AIM OF THE EXERCISE: Within the records below, find the line containing "0)], close=True, dxfattribs=at)". Reproduce it and each line after it exactly, and nothing else.
── EXTRACTED MATERIAL ──
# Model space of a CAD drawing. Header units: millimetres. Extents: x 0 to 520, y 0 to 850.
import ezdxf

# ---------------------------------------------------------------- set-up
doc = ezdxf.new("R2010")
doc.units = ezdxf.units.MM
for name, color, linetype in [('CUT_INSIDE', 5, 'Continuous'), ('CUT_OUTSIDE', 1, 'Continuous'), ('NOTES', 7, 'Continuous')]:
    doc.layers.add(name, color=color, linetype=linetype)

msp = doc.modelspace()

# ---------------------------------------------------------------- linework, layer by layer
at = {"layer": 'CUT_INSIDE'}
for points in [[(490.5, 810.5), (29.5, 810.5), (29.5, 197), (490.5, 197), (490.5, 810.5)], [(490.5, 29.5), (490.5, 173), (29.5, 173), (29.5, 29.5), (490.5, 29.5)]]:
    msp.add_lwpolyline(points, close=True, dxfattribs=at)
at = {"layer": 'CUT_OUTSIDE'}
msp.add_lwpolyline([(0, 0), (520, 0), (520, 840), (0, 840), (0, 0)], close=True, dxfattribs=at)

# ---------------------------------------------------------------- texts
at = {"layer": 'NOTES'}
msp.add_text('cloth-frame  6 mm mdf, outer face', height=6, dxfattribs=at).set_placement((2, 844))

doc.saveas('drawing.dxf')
───
EXERCISE SOLUTION:
msp.add_lwpolyline([(0, 0), (520, 0), (520, 840), (0, 840), (0, 0)], close=True, dxfattribs=at)

# ---------------------------------------------------------------- texts
at = {"layer": 'NOTES'}
msp.add_text('cloth-frame  6 mm mdf, outer face', height=6, dxfattribs=at).set_placement((2, 844))

doc.saveas('drawing.dxf')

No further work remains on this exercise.